(Dataset entries)
*** Block opens ***
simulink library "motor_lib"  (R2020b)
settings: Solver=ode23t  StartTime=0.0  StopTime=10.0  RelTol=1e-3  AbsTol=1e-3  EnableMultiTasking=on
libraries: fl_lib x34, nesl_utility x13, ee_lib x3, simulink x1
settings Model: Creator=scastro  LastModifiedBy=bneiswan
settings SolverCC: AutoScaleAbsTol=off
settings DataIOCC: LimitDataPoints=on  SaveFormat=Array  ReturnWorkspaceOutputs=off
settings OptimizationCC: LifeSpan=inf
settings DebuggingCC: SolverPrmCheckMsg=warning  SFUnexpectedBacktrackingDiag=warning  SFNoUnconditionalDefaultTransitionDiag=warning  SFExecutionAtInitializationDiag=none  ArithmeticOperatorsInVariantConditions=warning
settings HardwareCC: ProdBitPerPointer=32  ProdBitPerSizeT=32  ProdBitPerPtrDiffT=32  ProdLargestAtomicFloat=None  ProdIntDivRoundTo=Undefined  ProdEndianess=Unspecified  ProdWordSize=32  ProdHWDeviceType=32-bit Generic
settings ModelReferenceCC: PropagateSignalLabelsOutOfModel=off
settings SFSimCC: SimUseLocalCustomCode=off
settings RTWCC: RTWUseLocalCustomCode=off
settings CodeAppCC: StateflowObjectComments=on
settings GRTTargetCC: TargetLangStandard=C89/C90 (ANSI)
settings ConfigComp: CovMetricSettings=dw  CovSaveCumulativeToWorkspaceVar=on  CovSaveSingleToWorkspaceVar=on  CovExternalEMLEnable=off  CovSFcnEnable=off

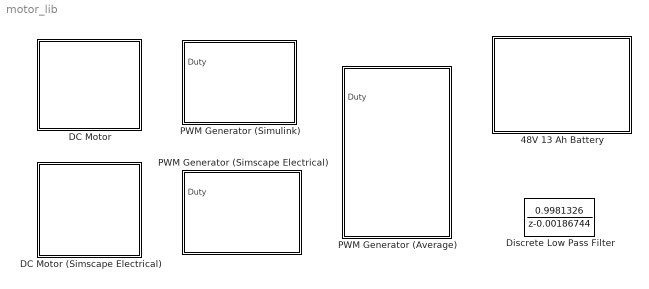
== system motor_lib ==
  48V 13 Ah Battery : Subsystem
      mask Display:
      | image(imread('BatteryIcon.PNG'));
      | color('Orange');
      | port_label('rconn', 1, 'V+');
      | port_label('rconn', 2, 'V-');
  DC Motor : Subsystem
      mask Display:
      | image(imread('MotorIcon.PNG'));
      | color('Orange');
      | port_label('lconn', 1, 'V+');
      | port_label('lconn', 2, 'V-');
      | port_label('rconn', 1, 'R');
      | port_label('rconn', 2, 'C');
  DC Motor (Simscape Electrical) : Subsystem
      mask Display:
      | image(imread('MotorIcon.PNG'));
      | color('Orange');
      | port_label('lconn', 1, 'V+');
      | port_label('lconn', 2, 'V-');
      | port_label('rconn', 1, 'R');
      | port_label('rconn', 2, 'C');
  Discrete Low Pass Filter : DiscreteTransferFcn  Numerator=[0.9981326]  Denominator=[1 -0.00186744]  SampleTime=0.05
  PWM Generator (Average) : Subsystem  mask(PWM Generator){}
      mask help:
      | Average-mode PWM signal generator.
      | The duty cycle input must be a number between 0 and 1.
  PWM Generator (Simscape Electrical) : Subsystem  mask(PWM Generator){freq=50}
      mask prompts: freq "PWM Frequency (Hz)"
      mask help:
      | Average-mode PWM signal generator.
      | The duty cycle input must be a number between 0 and 1.
  PWM Generator (Simulink) : Subsystem  mask(PWM Generator){freq=50, Ts=1e-4}
      mask prompts: freq "PWM Frequency (Hz)"; Ts "Sample Time (s)"
      mask help:
      | Average-mode PWM signal generator.
      | The duty cycle input must be a number between 0 and 1.

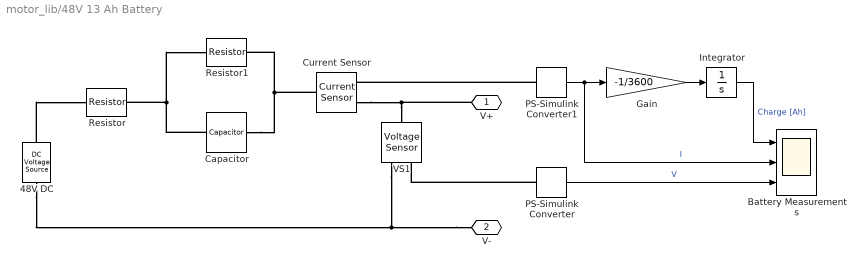
== system motor_lib/48V 13 Ah Battery ==
  48V DC : fl_lib/Electrical/Electrical Sources/DC Voltage Source  v0=48 V
  Battery Measurements : Scope  NumInputPorts=3
  Capacitor : fl_lib/Electrical/Electrical Elements/Capacitor  c=1e-3 F  r=1e-6 Ohm  g=0 1/Ohm  i_specify=off  i_priority=High  i=0 A  i_nominal_specify=off  i_nominal_unit=A  i_nominal_value=1  v_specify=off  v_priority=High  v=0 V  v_nominal_specify=off  v_nominal_unit=V  v_nominal_value=1  vc_specify=on  vc_priority=High  vc=0 V  vc_nominal_specify=off  vc_nominal_unit=V  vc_nominal_value=1
  Current Sensor : fl_lib/Electrical/Electrical Sensors/Current Sensor
  Gain : Gain  Gain=-1/3600
  Integrator : Integrator  InitialCondition=13
      settings: AttributesFormatString=Initial Charge = %<InitialCondition> Ah
  PS-Simulink Converter : nesl_utility/PS-Simulink Converter  PhysicalDomain=network_engine_domain  SubClassName=ps_output  LeftPortType=input  RightPortType=output  PseudoPeriodic=off  Frequencies=[]  Unit=1  AffineConversion=off
  PS-Simulink Converter1 : nesl_utility/PS-Simulink Converter  PhysicalDomain=network_engine_domain  SubClassName=ps_output  LeftPortType=input  RightPortType=output  PseudoPeriodic=off  Frequencies=[]  Unit=1  AffineConversion=off
  Resistor : fl_lib/Electrical/Electrical Elements/Resistor  R=0.07 Ohm  i_specify=off  i_priority=High  i=0 A  i_nominal_specify=off  i_nominal_unit=A  i_nominal_value=1  v_specify=off  v_priority=High  v=0 V  v_nominal_specify=off  v_nominal_unit=V  v_nominal_value=1
  Resistor1 : fl_lib/Electrical/Electrical Elements/Resistor  R=0.05 Ohm  i_specify=off  i_priority=High  i=0 A  i_nominal_specify=off  i_nominal_unit=A  i_nominal_value=1  v_specify=off  v_priority=High  v=0 V  v_nominal_specify=off  v_nominal_unit=V  v_nominal_value=1
  VS1 : fl_lib/Electrical/Electrical Sensors/Voltage Sensor
  V+ : PMIOPort  Side=Right
  V- : PMIOPort  Port=2  Side=Right
  wires:
  PS-Simulink Converter/1 -> Battery Measurements/3  "V"
  PS-Simulink Converter1/1 -> Gain/1, Battery Measurements/2  "I"
  Integrator/1 -> Battery Measurements/1  "Charge [Ah]"
  Gain/1 -> Integrator/1
  connections:
  V-/RConn1 -- 48V DC/RConn1 -- VS1/RConn2
  Resistor1/RConn1 -- Capacitor/RConn1 -- Current Sensor/LConn1
  Resistor/RConn1 -- Capacitor/LConn1 -- Resistor1/LConn1
  VS1/LConn1 -- V+/RConn1 -- Current Sensor/RConn2
  48V DC/LConn1 -- Resistor/LConn1
  PS-Simulink Converter/LConn1 -- VS1/RConn1
  PS-Simulink Converter1/LConn1 -- Current Sensor/RConn1

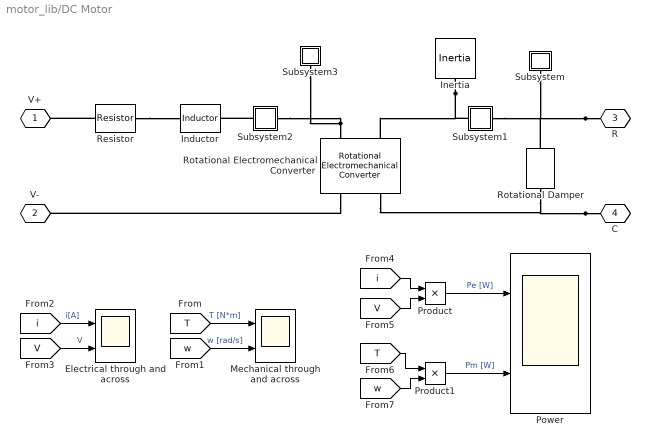
== system motor_lib/DC Motor ==
  Electrical through and across : Scope  NumInputPorts=2
  Inductor : fl_lib/Electrical/Electrical Elements/Inductor  l=1.13e-5 H  r=0 Ohm  g=1e-9 1/Ohm  i_specify=off  i_priority=High  i=0 A  i_nominal_specify=off  i_nominal_unit=A  i_nominal_value=1  v_specify=off  v_priority=High  v=0 V  v_nominal_specify=off  v_nominal_unit=V  v_nominal_value=1  i_L_specify=on  i_L_priority=High  i_L=0 A  i_L_nominal_specify=off  i_L_nominal_unit=A  i_L_nominal_value=1
  Inertia : fl_lib/Mechanical/Rotational Elements/Inertia  inertia=0.01 kg*m^2  num_ports=foundation.enum.numPorts2.one  w_specify=on  w_priority=High  w=0 rad/s  w_nominal_specify=off  w_nominal_unit=rad/s  w_nominal_value=1  t_specify=off  t_priority=High  t=0 N*m  t_nominal_specify=off  t_nominal_unit=N*m  t_nominal_value=1
  Mechanical through and across : Scope  NumInputPorts=2
  Power : Scope  NumInputPorts=2
  Product : Product  RndMeth=Zero
  Product1 : Product  RndMeth=Zero
  Resistor : fl_lib/Electrical/Electrical Elements/Resistor  R=0.750 Ohm  i_specify=off  i_priority=High  i=0 A  i_nominal_specify=off  i_nominal_unit=A  i_nominal_value=1  v_specify=off  v_priority=High  v=0 V  v_nominal_specify=off  v_nominal_unit=V  v_nominal_value=1
  Rotational Electromechanical Converter : fl_lib/Electrical/Electrical Elements/Rotational Electromechanical Converter  K=0.876 V/(rad/s)  i_specify=off  i_priority=High  i=0 A  i_nominal_specify=off  i_nominal_unit=A  i_nominal_value=1  v_specify=off  v_priority=High  v=0 V  v_nominal_specify=off  v_nominal_unit=V  v_nominal_value=1  t_specify=off  t_priority=High  t=0 N*m  t_nominal_specify=off  t_nominal_unit=N*m  t_nominal_value=1  w_specify=off  w_priority=High  w=0 rad/s  w_nominal_specify=off  w_nominal_unit=rad/s  w_nominal_value=1
  Rotational Damper : fl_lib/Mechanical/Rotational Elements/Rotational Damper  D=0.001 N*m/(rad/s)  w_specify=off  w_priority=High  w=0 rad/s  w_nominal_specify=off  w_nominal_unit=rad/s  w_nominal_value=1  t_specify=off  t_priority=High  t=0 N*m  t_nominal_specify=off  t_nominal_unit=N*m  t_nominal_value=1
  Subsystem : Subsystem
      mask Display: disp('w');
  Subsystem1 : Subsystem
      mask Display: disp('T');
  Subsystem2 : Subsystem
      mask Display: disp('i');
  Subsystem3 : Subsystem
      mask Display: disp('V');
  V+ : PMIOPort  Tag=PMCPort  Side=Left
  V- : PMIOPort  Tag=PMCPort  Port=2  Side=Left
  R : PMIOPort  Tag=PMCPort  Port=3  Side=Right
  C : PMIOPort  Tag=PMCPort  Port=4  Side=Right
  wires:
  Product1/1 -> Power/2  "Pm [W]"
  Product/1 -> Power/1  "Pe [W]"
  [w] -> Product1/2
  [T] -> Product1/1
  [V] -> Product/2
  [i] -> Product/1
  [V] -> Electrical through and across/2  "V"
  [i] -> Electrical through and across/1  "i[A]"
  [w] -> Mechanical through and across/2  "w [rad/s]"
  [T] -> Mechanical through and across/1  "T [N*m]"
  connections:
  C/RConn1 -- Rotational Damper/RConn1 -- Rotational Electromechanical Converter/RConn2
  R/RConn1 -- Subsystem/LConn1 -- Rotational Damper/LConn1 -- Subsystem1/RConn1
  Inertia/LConn1 -- Subsystem1/LConn1 -- Rotational Electromechanical Converter/LConn2
  Rotational Electromechanical Converter/LConn1 -- Subsystem3/LConn1 -- Subsystem2/RConn1
  Subsystem2/LConn1 -- Inductor/RConn1
  Resistor/LConn1 -- V+/RConn1
  Rotational Electromechanical Converter/RConn1 -- V-/RConn1
  Resistor/RConn1 -- Inductor/LConn1

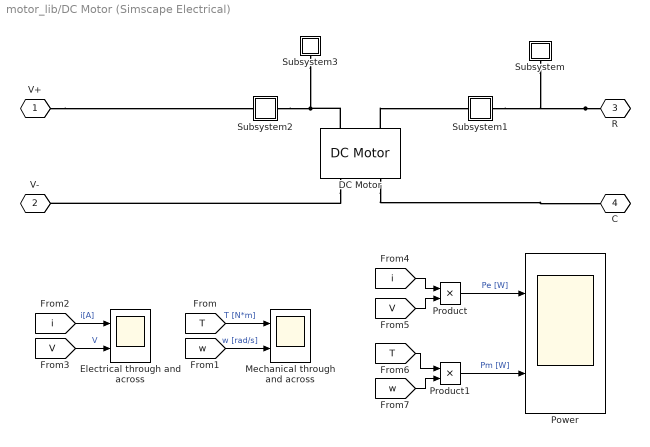
== system motor_lib/DC Motor (Simscape Electrical) ==
  DC Motor : ee_lib/Electromechanical/Brushed Motors/DC Motor  field_option=ee.enum.field_option.pm  Rf=100 Ohm  Lf=1 H  Laf=0.15 H  If0=0 A  parameterization=1  Ra=1 Ohm  La=5e-5 H  emf_or_torque=1  Kv=0.75 V/(rad/s)  Ki=6.876e-4 N*m/A  T_stall=2.4e-4 N*m  w_max=1.91e+4 rpm  w_rated=1.5e+4 rpm  P_rated=0.08 W  V_rated=1.5 V  J=0.01 g*cm^2  lam_param=1  lam=0.001 N*m/(rad/s)  i_noload=0 A  V_i_noload=1.5 V  speed0=0 rpm  enable_fault_armature=ee.enum.faults.faultEnable.no  rev_faulted=1 / 3  G_faulted_armature=1e-5 S  fault_trigger_armature=ee.enum.faults.faultTrigger.temporal  t_fault_armature=1 s  max_permissible_current_armature=inf A  t_fail_on_current_armature=1 s  enable_fault_field=ee.enum.faults.faultEnable.no  G_faulted_field=1e-5 S  fault_trigger_field=ee.enum.faults.faultTrigger.temporal  t_fault_field=1 s  max_permissible_current_field=inf A  t_fail_on_current_field=1 s  fault_action=ee.enum.faults.faultAction.none  alpha=3.93e-3 1/K  Tmeas=25 degC  thermal_mass=100 J/K  initial_temperature=25 degC
  Electrical through and across : Scope  NumInputPorts=2
  Mechanical through and across : Scope  NumInputPorts=2
  Power : Scope  NumInputPorts=2
  Product : Product  RndMeth=Zero
  Product1 : Product  RndMeth=Zero
  Subsystem : Subsystem
      mask Display: disp('w');
  Subsystem1 : Subsystem
      mask Display: disp('T');
  Subsystem2 : Subsystem
      mask Display: disp('i');
  Subsystem3 : Subsystem
      mask Display: disp('V');
  V+ : PMIOPort  Tag=PMCPort  Side=Left
  V- : PMIOPort  Tag=PMCPort  Port=2  Side=Left
  R : PMIOPort  Tag=PMCPort  Port=3  Side=Right
  C : PMIOPort  Tag=PMCPort  Port=4  Side=Right
  wires:
  [T] -> Mechanical through and across/1  "T [N*m]"
  [w] -> Mechanical through and across/2  "w [rad/s]"
  [i] -> Electrical through and across/1  "i[A]"
  [V] -> Electrical through and across/2  "V"
  [i] -> Product/1
  [V] -> Product/2
  [T] -> Product1/1
  [w] -> Product1/2
  Product/1 -> Power/1  "Pe [W]"
  Product1/1 -> Power/2  "Pm [W]"
  connections:
  Subsystem3/LConn1 -- Subsystem2/RConn1 -- DC Motor/LConn1
  R/RConn1 -- Subsystem1/RConn1 -- Subsystem/LConn1
  DC Motor/LConn2 -- Subsystem1/LConn1
  V+/RConn1 -- Subsystem2/LConn1
  DC Motor/RConn2 -- C/RConn1
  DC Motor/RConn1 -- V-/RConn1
*** Block closes ***
## Brief
Reproduce the entries exactly, starting at their first line and stopping after the line with "settings DebuggingCC: SolverPrmCheckMsg=warning".

## Response area
simulink library "motor_lib"  (R2020b)
settings: Solver=ode23t  StartTime=0.0  StopTime=10.0  RelTol=1e-3  AbsTol=1e-3  EnableMultiTasking=on
libraries: fl_lib x34, nesl_utility x13, ee_lib x3, simulink x1
settings Model: Creator=scastro  LastModifiedBy=bneiswan
settings SolverCC: AutoScaleAbsTol=off
settings DataIOCC: LimitDataPoints=on  SaveFormat=Array  ReturnWorkspaceOutputs=off
settings OptimizationCC: LifeSpan=inf
settings DebuggingCC: SolverPrmCheckMsg=warning  SFUnexpectedBacktrackingDiag=warning  SFNoUnconditionalDefaultTransitionDiag=warning  SFExecutionAtInitializationDiag=none  ArithmeticOperatorsInVariantConditions=warning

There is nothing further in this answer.